### [Record extracts]
──────
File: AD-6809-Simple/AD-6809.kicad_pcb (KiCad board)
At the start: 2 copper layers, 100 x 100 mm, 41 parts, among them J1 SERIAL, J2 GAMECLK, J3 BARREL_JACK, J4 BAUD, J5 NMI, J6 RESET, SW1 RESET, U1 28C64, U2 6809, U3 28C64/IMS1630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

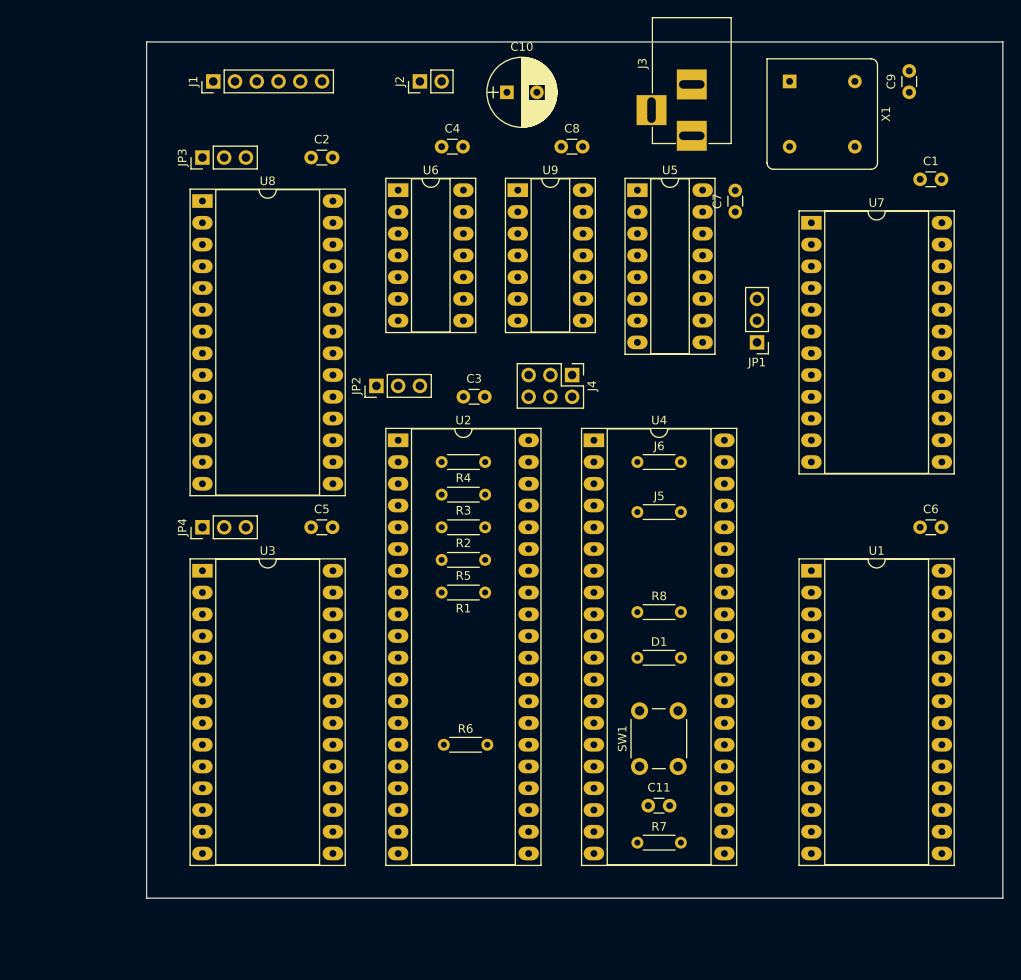
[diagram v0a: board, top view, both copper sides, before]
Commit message: Padded out the test programs to be rom sized.
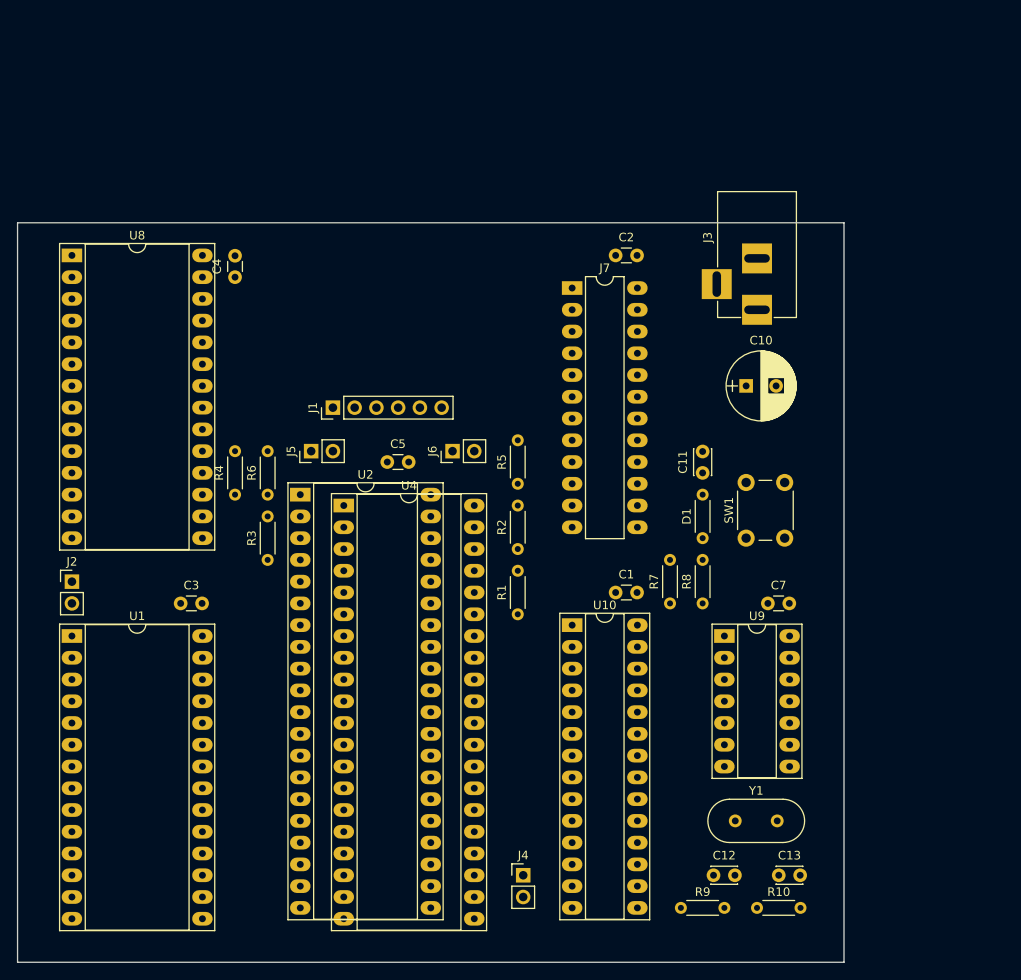
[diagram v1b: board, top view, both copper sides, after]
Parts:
- removed C6, C8, C9: 0.1uF, Capacitors_ThroughHole:C_Disc_D3.0mm_W1.6mm_P2.50mm
- removed JP1: Disable, Socket_Strips:Socket_Strip_Straight_1x03_Pitch2.54mm
- removed JP2: CLKSRC, Socket_Strips:Socket_Strip_Straight_1x03_Pitch2.54mm
- removed JP3, JP4: ROM RAM, Socket_Strips:Socket_Strip_Straight_1x03_Pitch2.54mm
- removed U3: 28C64/IMS1630, Housings_DIP:DIP-28_W15.24mm_Socket_LongPads
- removed U5: 74LS139, Housings_DIP:DIP-16_W7.62mm_Socket_LongPads
- removed U6: 74LS00, Housings_DIP:DIP-14_W7.62mm_Socket_LongPads
- removed U7: MC6850, Housings_DIP:DIP-24_W15.24mm_Socket_LongPads
- removed X1: 12.288MHz, Oscillators:Oscillator_DIP-8
- added C12: 22pF, Capacitors_ThroughHole:C_Disc_D3.0mm_W2.0mm_P2.50mm, F.Cu at (156.2, 147.3)
- added C13: 22pF, Capacitors_ThroughHole:C_Disc_D3.0mm_W2.0mm_P2.50mm, F.Cu at (163.8, 147.3)
- added J7: PAL24, Housings_DIP:DIP-24_W7.62mm_LongPads, F.Cu at (139.7, 78.7)
- added R10: 1K0, Resistors_ThroughHole:R_Axial_DIN0204_L3.6mm_D1.6mm_P5.08mm_Horizontal, F.Cu at (161.3, 151.1)
- added R9: 1M0, Resistors_ThroughHole:R_Axial_DIN0204_L3.6mm_D1.6mm_P5.08mm_Horizontal, F.Cu at (152.4, 151.1)
- added U10: SCN2661C, Housings_DIP:DIP-28_W7.62mm_Socket_LongPads, F.Cu at (139.7, 118.1)
- added Y1: 5.0688MHz, Crystals:Crystal_HC18-U_Vertical, F.Cu at (158.8, 141.0)
- C11: footprint Capacitors_ThroughHole:C_Disc_D3.0mm_W1.6mm_P2.50mm -> Capacitors_ThroughHole:C_Disc_D3.0mm_W2.0mm_P2.50mm
- J4: value BAUD -> IRQ; footprint Pin_Headers:Pin_Header_Straight_2x03_Pitch2.54mm -> Socket_Strips:Socket_Strip_Straight_1x02_Pitch2.54mm
- J5, J6: footprint Resistors_ThroughHole:R_Axial_DIN0204_L3.6mm_D1.6mm_P5.08mm_Horizontal -> Socket_Strips:Socket_Strip_Straight_1x02_Pitch2.54mm
- U8: value 28C64/IMS1630 -> IMS1630
- U9: value 74LS93 -> 74LS04
- moved U1 86.7 mm to (81.3, 119.4)
- moved J2 71.2 mm to (81.3, 113.0), turned to 0 degrees
- moved C1 59.9 mm to (144.8, 114.3)
- moved J4 58.7 mm to (134.0, 147.3), turned to 0 degrees
- moved U9 57.4 mm to (157.5, 119.4)
- moved C7 45.9 mm to (162.6, 115.6), turned to 0 degrees
- moved C10 44.2 mm to (160.0, 90.2)
- moved C3 40.9 mm to (94.0, 115.6)
- moved J1 40.6 mm to (111.8, 92.7)
- moved C11 39.4 mm to (154.9, 100.3), turned to 90 degrees
- moved J5 38.8 mm to (109.2, 97.8), turned to 90 degrees
- moved C2 37.4 mm to (144.8, 74.9)
- moved R6 35.7 mm to (104.1, 102.9), turned to 90 degrees
- moved U4 30.2 mm to (113.0, 104.1)
- moved R4 29.5 mm to (100.3, 102.9), turned to 90 degrees
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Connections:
- net /PHI2 renamed /E
- J1 pad 1: Net-(J1-Pad1) -> (no net)
- J1 pad 4: Net-(J1-Pad4) -> (no net)
- J1 pad 5: Net-(J1-Pad5) -> /DTR
- J4 pad 1: Net-(J4-Pad1) -> /~IRQ
- J4 pad 2: /SERCLK -> Net-(J4-Pad2)
- U1 pad 1: Net-(U1-Pad1) -> (no net)
- U1 pad 20: /~MEM3 -> /~ROM_SEL
- U1 pad 26: Net-(U1-Pad26) -> (no net)
- U2 pad 35: Net-(U2-Pad35) -> (no net)
- U2 pad 38: Net-(JP2-Pad2) -> Net-(J2-Pad2)
- U2 pad 5: Net-(U2-Pad5) -> (no net)
- U2 pad 6: Net-(U2-Pad6) -> (no net)
- U4 pad 2: Net-(U4-Pad2) -> (no net)
- U4 pad 3: Net-(U4-Pad3) -> (no net)
- U4 pad 35: Net-(U4-Pad35) -> (no net)
- U4 pad 36: Net-(U4-Pad36) -> (no net)
- U4 pad 37: Net-(U4-Pad37) -> (no net)
- U4 pad 38: Net-(U4-Pad38) -> (no net)
- U4 pad 4: Net-(U4-Pad4) -> (no net)
- U4 pad 5: Net-(U4-Pad5) -> (no net)
- U4 pad 7: Net-(U4-Pad7) -> (no net)
- U8 pad 1: Net-(U8-Pad1) -> (no net)
- U8 pad 20: /~MEM2 -> /~RAM_SEL
- U8 pad 26: Net-(JP3-Pad2) -> +5V
- U9 pad 1: /CPUCLK -> (no net)
- U9 pad 10: GND -> (no net)
- U9 pad 11: Net-(J4-Pad5) -> (no net)
- U9 pad 12: /CPUCLK -> (no net)
- U9 pad 14: Net-(U9-Pad14) -> +5V
- U9 pad 2: GND -> (no net)
- U9 pad 3: GND -> Net-(C12-Pad1)
- U9 pad 4: (no net) -> Net-(R10-Pad1)
- U9 pad 5: +5V -> Net-(R10-Pad1)
- U9 pad 6: (no net) -> /SERCLK
- U9 pad 7: (no net) -> GND
- U9 pad 8: Net-(J4-Pad3) -> (no net)
- U9 pad 9: Net-(J4-Pad1) -> (no net)
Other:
- board size 100 x 100 mm -> 96.5 x 86.4 mm
- net class Power removed
- rule pad_to_mask_clearance: 0.2 -> 0
──────
### [Task description]
Take the line that contains "- U9 pad 11: Net-(J4-Pad5) -> (no net)" and every line after it in the material above. Set those lines down exactly and nothing more.

### [Result of the task]
- U9 pad 11: Net-(J4-Pad5) -> (no net)
- U9 pad 12: /CPUCLK -> (no net)
- U9 pad 14: Net-(U9-Pad14) -> +5V
- U9 pad 2: GND -> (no net)
- U9 pad 3: GND -> Net-(C12-Pad1)
- U9 pad 4: (no net) -> Net-(R10-Pad1)
- U9 pad 5: +5V -> Net-(R10-Pad1)
- U9 pad 6: (no net) -> /SERCLK
- U9 pad 7: (no net) -> GND
- U9 pad 8: Net-(J4-Pad3) -> (no net)
- U9 pad 9: Net-(J4-Pad1) -> (no net)
Other:
- board size 100 x 100 mm -> 96.5 x 86.4 mm
- net class Power removed
- rule pad_to_mask_clearance: 0.2 -> 0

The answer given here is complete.